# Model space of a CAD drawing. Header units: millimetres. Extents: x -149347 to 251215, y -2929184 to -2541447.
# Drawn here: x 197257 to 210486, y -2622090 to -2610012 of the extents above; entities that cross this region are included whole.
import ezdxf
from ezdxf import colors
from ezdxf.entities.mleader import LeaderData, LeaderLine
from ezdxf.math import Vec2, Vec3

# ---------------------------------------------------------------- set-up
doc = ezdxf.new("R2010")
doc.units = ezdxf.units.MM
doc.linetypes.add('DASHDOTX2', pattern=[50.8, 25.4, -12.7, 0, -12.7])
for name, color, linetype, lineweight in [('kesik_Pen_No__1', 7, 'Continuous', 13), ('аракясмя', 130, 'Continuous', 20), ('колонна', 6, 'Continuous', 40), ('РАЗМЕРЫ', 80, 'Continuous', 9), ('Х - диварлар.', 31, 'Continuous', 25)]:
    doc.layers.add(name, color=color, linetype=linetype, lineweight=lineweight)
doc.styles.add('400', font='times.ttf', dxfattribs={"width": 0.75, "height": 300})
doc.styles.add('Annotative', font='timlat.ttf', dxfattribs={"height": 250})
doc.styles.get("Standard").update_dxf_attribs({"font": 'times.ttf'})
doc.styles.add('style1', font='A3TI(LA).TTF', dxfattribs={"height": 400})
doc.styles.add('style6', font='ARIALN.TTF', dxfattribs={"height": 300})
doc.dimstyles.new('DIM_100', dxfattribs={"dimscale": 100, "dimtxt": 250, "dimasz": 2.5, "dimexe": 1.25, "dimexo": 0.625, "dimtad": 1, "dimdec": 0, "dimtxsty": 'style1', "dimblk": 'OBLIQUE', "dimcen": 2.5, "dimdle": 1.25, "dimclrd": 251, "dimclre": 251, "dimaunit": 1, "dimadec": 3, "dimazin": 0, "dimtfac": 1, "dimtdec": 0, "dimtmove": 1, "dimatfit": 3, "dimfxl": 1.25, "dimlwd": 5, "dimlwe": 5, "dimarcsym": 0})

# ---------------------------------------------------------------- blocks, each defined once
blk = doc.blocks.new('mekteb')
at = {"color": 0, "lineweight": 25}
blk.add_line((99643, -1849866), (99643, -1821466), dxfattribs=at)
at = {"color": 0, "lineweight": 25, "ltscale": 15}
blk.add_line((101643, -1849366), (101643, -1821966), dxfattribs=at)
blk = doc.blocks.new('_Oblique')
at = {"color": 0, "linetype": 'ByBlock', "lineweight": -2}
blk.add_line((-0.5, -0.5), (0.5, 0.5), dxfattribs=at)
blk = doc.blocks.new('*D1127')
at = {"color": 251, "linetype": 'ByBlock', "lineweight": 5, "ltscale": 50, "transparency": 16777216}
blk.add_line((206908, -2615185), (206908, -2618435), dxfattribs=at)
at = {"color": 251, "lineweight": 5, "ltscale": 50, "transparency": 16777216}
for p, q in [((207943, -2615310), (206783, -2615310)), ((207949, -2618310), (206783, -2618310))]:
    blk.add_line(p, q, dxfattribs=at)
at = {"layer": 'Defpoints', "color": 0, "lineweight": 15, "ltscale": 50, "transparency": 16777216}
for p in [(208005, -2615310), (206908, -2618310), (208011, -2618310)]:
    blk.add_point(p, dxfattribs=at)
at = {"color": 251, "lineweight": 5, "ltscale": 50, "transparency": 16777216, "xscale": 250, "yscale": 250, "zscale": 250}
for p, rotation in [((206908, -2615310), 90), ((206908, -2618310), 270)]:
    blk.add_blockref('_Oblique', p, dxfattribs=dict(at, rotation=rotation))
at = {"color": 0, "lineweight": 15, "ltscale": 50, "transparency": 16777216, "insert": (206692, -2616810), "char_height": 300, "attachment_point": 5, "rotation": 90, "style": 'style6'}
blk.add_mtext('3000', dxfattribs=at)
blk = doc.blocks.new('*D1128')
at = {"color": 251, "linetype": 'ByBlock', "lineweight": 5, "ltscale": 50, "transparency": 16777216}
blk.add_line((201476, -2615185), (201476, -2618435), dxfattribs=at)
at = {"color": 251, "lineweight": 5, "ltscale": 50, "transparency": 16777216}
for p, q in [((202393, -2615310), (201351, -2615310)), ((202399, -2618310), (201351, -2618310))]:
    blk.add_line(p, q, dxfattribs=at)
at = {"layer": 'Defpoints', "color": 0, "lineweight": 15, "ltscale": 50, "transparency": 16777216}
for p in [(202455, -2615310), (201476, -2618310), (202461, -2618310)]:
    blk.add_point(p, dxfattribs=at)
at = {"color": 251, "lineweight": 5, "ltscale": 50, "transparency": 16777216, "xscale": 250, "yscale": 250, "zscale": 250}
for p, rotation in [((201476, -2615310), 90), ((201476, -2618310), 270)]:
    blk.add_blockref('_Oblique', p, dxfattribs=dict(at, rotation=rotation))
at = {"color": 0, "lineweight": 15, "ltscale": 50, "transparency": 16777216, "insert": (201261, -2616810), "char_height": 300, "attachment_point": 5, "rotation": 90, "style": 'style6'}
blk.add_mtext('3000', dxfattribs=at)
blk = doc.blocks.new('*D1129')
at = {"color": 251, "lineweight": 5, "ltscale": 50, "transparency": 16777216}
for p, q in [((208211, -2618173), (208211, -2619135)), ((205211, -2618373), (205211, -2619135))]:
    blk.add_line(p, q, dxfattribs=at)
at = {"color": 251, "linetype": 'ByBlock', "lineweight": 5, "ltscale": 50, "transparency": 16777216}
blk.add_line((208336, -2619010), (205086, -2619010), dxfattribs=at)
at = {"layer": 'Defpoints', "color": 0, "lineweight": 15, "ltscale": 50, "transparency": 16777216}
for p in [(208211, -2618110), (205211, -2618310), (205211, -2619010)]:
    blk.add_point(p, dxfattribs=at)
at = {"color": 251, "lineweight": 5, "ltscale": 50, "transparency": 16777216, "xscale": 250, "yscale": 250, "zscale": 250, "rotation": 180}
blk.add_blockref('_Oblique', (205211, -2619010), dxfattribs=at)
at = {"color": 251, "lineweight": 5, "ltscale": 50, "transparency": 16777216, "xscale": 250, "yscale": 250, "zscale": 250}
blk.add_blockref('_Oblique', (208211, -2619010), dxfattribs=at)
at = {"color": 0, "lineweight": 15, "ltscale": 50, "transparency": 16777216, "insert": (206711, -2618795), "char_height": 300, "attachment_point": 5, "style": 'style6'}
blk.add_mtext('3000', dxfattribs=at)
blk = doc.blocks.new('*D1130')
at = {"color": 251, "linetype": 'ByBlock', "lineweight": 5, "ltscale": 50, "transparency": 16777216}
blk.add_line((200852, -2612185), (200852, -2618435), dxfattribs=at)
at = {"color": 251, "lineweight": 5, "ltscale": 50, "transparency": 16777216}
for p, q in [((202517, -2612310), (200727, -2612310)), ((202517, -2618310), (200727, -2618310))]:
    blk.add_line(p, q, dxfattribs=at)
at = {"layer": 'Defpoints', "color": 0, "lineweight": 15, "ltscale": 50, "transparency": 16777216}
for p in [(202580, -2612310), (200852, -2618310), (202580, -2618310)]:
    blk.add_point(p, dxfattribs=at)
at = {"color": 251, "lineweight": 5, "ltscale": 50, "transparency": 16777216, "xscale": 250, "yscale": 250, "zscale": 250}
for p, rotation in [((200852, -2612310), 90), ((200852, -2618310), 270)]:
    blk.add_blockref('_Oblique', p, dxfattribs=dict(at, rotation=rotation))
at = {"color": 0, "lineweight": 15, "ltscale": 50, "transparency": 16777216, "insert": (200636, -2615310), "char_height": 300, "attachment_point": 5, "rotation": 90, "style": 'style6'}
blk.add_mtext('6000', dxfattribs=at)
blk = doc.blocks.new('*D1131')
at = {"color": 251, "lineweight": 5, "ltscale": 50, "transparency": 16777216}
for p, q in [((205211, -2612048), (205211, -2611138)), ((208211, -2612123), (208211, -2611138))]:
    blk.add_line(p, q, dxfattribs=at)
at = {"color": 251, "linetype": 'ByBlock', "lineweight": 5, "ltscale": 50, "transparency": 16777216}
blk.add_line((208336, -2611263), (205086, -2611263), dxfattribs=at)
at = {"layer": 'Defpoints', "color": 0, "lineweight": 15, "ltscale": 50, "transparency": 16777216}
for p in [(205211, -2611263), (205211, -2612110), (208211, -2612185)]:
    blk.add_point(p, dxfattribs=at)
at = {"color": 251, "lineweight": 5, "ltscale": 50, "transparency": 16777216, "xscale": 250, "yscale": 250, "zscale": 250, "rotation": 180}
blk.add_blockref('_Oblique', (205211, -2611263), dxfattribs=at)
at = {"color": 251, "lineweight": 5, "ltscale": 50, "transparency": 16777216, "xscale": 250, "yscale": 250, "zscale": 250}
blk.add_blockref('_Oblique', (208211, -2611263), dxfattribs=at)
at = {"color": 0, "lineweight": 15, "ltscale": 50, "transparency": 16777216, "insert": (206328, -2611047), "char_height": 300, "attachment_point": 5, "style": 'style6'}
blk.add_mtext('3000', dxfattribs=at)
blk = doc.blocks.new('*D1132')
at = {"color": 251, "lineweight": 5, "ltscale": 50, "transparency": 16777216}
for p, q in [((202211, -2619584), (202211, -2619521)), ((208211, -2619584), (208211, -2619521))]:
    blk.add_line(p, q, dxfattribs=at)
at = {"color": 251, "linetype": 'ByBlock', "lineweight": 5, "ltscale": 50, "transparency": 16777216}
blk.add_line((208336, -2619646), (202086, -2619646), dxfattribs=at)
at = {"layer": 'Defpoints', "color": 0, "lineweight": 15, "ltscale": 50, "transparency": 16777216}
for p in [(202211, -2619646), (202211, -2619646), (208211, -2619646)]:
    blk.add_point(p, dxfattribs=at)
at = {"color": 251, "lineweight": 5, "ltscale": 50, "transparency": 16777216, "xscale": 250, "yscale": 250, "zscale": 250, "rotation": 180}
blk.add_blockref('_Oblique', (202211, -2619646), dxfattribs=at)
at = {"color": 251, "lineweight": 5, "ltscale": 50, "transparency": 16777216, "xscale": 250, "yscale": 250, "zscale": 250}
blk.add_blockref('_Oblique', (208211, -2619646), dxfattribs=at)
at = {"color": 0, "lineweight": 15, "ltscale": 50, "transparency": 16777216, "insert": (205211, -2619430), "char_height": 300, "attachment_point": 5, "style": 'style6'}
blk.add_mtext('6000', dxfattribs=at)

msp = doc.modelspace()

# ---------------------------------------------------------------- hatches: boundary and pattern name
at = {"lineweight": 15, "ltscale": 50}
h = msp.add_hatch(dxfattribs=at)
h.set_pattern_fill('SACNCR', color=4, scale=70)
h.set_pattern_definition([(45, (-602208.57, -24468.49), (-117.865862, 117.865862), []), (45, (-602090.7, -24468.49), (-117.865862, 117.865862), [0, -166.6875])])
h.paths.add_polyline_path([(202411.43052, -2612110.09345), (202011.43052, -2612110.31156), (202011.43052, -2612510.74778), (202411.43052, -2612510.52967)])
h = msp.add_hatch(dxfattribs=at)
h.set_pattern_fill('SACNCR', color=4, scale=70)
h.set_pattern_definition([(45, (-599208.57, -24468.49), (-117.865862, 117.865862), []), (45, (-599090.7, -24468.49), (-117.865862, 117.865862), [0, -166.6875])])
----------------------------------------
Begin with the first line of the listing and copy exactly through the line that contains "from ezdxf import colors", please, keeping both ends and leaving out everything after.

→ Written reply
# Model space of a CAD drawing. Header units: millimetres. Extents: x -149347 to 251215, y -2929184 to -2541447.
# Drawn here: x 197257 to 210486, y -2622090 to -2610012 of the extents above; entities that cross this region are included whole.
import ezdxf
from ezdxf import colors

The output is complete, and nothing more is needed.